Its a judgement call and depends on how the tank is responding to the measures you have done already done which will take time to show also, also depends on how easy it is the raise the light, if raising it 5cm is easy and 10cm is hard I'd go for 5cm, if 10cm is just as easy I go for 10cm, you can always adjust it further up/done as you see fit


----------



## Hudson (10 Apr 2020)

Cheers again for helping.

I've managed to make a adhock shade using a old piece of Yoga matt and moved the light to 30cm as i actually had it set at 24cm.

Will feedback in a few days and see how things are going


----------



## Hudson (14 Apr 2020)

Well i thought things where starting to settle but came across three major issues today.
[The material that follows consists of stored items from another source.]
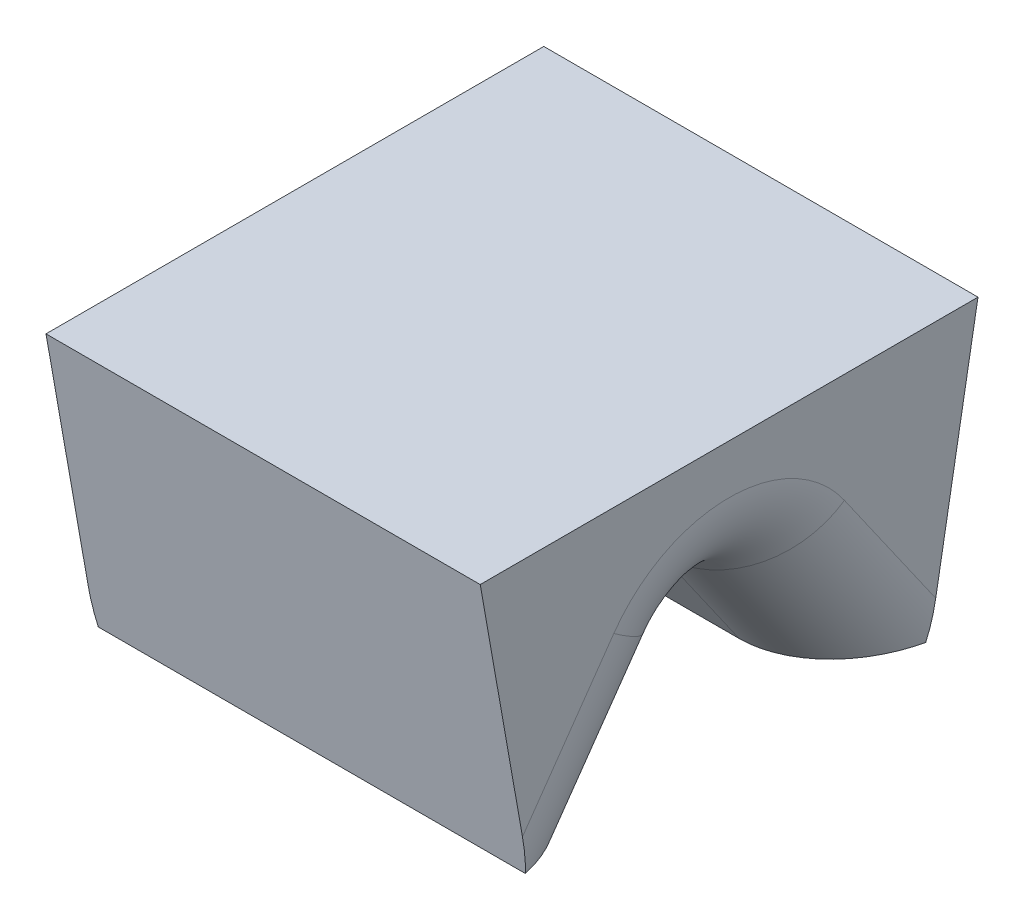
from build123d import *

# Parameters (mm, degrees)
SKETCH_TL_CUTTING_R    = 1.4986
TL_CUTTING_DEPTH       = 29.999999944
SKETCH_TDF_CUTTING_W   = 3.01719996
SKETCH_TDF_CUTTING_H   = 3.01719996
TDF_CUTTING_DEPTH      = 31.074766841
VW_VR_GRINDING_DEPTH   = 1.50859998
VW_VR_GRINDING_2_DEPTH = 1.50859998
ISA_GRINDING_DEPTH     = 1.50859998
SKETCH_PRE_FRX_BRX_W   = 1.16348002
SKETCH_PRE_FRX_BRX_H   = 0.89916
SKETCH_PRE_FRX_BRX_W_2 = 1.19347996
PRE_FRX_BRX_DEPTH      = 1.50859998
FA_BA_GRINDING_DEPTH   = 1.50859998
BR_EDM_R               = 0.14986
FR_EDM_R               = 0.14986


with BuildPart() as part:
    # sketch_TL_cutting → TL_cutting (new body)
    with BuildSketch(Plane(origin=(0, 0, 0), x_dir=(1, 0, 0), z_dir=(0, 1, 0))):
        with Locations(Location((0, 0, 0), (0, 0, 270))):
            Circle(SKETCH_TL_CUTTING_R)
    extrude(amount=TL_CUTTING_DEPTH)

    # sketch_TDF_cutting → TDF_cutting (cut, through all)
    with BuildSketch(Plane(origin=(0, 0, 0), x_dir=(1, 0, 0), z_dir=(0, 1, 0))):
        with Locations((-2.71001998, 0)):
            Rectangle(SKETCH_TDF_CUTTING_W, SKETCH_TDF_CUTTING_H)
    extrude(amount=TDF_CUTTING_DEPTH, mode=Mode.SUBTRACT)


with BuildPart() as body_2:
    # sketch_VW_VR_grinding → VW_VR_grinding (new, symmetric)
    with BuildSketch(Plane(origin=(0, 0, 0), x_dir=(0, 0, -1), z_dir=(1, 0, 0))):
        with BuildLine():
            Line((-1.49360001, -0.00999998), (-1.49360001, 0.888048914))
            ThreePointArc((-1.49360001, 0.888048914), (-1.493648337, 0.889155792), (-1.493792952, 0.890254246))
            Line((-1.493792952, 0.890254246), (-1.51859996, 1.030941782))
            Line((-1.51859996, 1.030941782), (-1.50859998, -0.00999998))
            Line((-1.50859998, -0.00999998), (-1.49360001, -0.00999998))
        make_face()
    extrude(amount=VW_VR_GRINDING_DEPTH, both=True)


with BuildPart() as body_3:
    # sketch_VW_VR_grinding → VW_VR_grinding 2 (new, symmetric)
    with BuildSketch(Plane(origin=(0, 0, 0), x_dir=(0, 0, -1), z_dir=(1, 0, 0))):
        with BuildLine():
            Line((1.49360001, -0.00999998), (1.49360001, 0.888048914))
            ThreePointArc((1.49360001, 0.888048914), (1.493648337, 0.889155792), (1.493792952, 0.890254246))
            Line((1.493792952, 0.890254246), (1.51859996, 1.030941782))
            Line((1.51859996, 1.030941782), (1.50859998, -0.00999998))
            Line((1.50859998, -0.00999998), (1.49360001, -0.00999998))
        make_face()
    extrude(amount=VW_VR_GRINDING_2_DEPTH, both=True)


    add(body_2.part)  # ISA_grinding merges body 2
    # sketch_ISA_grinding → ISA_grinding (add, symmetric)
    with BuildSketch(Plane(origin=(0, 0, 0), x_dir=(0, 0, -1), z_dir=(1, 0, 0))):
        Polygon((-0.29972, 0), (0.29972, 0), (1.50859998, 6.855899053), (1.50859998, -0.02999994), (-1.50859998, -0.02999994), (-1.50859998, 6.855899053), align=None)
    extrude(amount=ISA_GRINDING_DEPTH, both=True)

    # sketch_pre_FRX_BRX → pre_FRX_BRX (add, symmetric)
    with BuildSketch(Plane.XY):
        with Locations((0.91685999, 0.43958002)):
            Rectangle(SKETCH_PRE_FRX_BRX_W, SKETCH_PRE_FRX_BRX_H)
        with Locations((-0.92185998, 0.43958002)):
            Rectangle(SKETCH_PRE_FRX_BRX_W_2, SKETCH_PRE_FRX_BRX_H)
    extrude(amount=PRE_FRX_BRX_DEPTH, both=True)

    # sketch_FA_BA_grinding → FA_BA_grinding (add, symmetric)
    with BuildSketch(Plane.XY):
        Polygon((0.32512, -0.00999998), (0.32512, 0.89916), (1.6256, 10.152556017), (1.6256, -0.00999998), align=None)
        Polygon((-0.32512, -0.00999998), (-0.32512, 0.89916), (-1.32842, 8.038010442), (-1.32842, -0.00999998), align=None)
    extrude(amount=FA_BA_GRINDING_DEPTH, both=True)


with BuildPart() as part_1:
    add(part.part)

    # B1_fix: cut body 3
    add(body_3.part, mode=Mode.SUBTRACT)

    # V-Groove_EDM: sweep along a path in sketch_contour_V-Groove
    with BuildLine(Plane.XY) as v_groove_edm_path:
        Line((-1.20142, 0.1905), (1.4986, 0.1905))
    # sketch_section_V-Groove → V-Groove_EDM (sweep, cut)
    with BuildSketch(Plane(origin=(-1.20142, 0, -1.2954), x_dir=(0, 0, -1), z_dir=(1, 0, 0))):
        with BuildLine():
            Line((-1.245464491, 0.16450522), (-1.123274635, -0.00999998))
            Line((-1.123274635, -0.00999998), (-1.467525365, -0.00999998))
            Line((-1.467525365, -0.00999998), (-1.345335509, 0.16450522))
            ThreePointArc((-1.345335509, 0.16450522), (-1.2954, 0.1905), (-1.245464491, 0.16450522))
        make_face()
    sweep(path=v_groove_edm_path.line, mode=Mode.SUBTRACT)

    # BR_EDM
    br_edm_edges = [part_1.edges().sort_by_distance(p)[0] for p in [
        (-0.32512, 0.1905, 0),
        (-0.32512, 0.08225261, -0.107529406),
        (-0.32512, 0.08225261, 0.107529406),
    ]]
    fillet(br_edm_edges, radius=BR_EDM_R)

    # FR_EDM
    fr_edm_edges = [part_1.edges().sort_by_distance(p)[0] for p in [
        (0.32512, 0.08225261, -0.107529406),
        (0.32512, 0.08225261, 0.107529406),
        (0.32512, 0.1905, 0),
    ]]
    fillet(fr_edm_edges, radius=FR_EDM_R)

    # SurfaceCut1
    split(bisect_by=Plane(origin=(0, 0.41401793, 0), x_dir=(1, 0, 0), z_dir=(0, 1, 0)), keep=Keep.BOTTOM)


solid = part_1.part

The biomaster 350 has been getting worse for trapped air, I had removed it today to clean the pre filters and left it in the kitchen while i done a small amount of trimming
When i eventually got round to cleaning the pre filters the was a puddle on the floor !!!!
Turns out the the seal on the head is leaking !! Luckily i had a old fitlosmart from a new stripped down nano scape. It's not ideal for flow but will have to do until i can resolve the issue on the 350.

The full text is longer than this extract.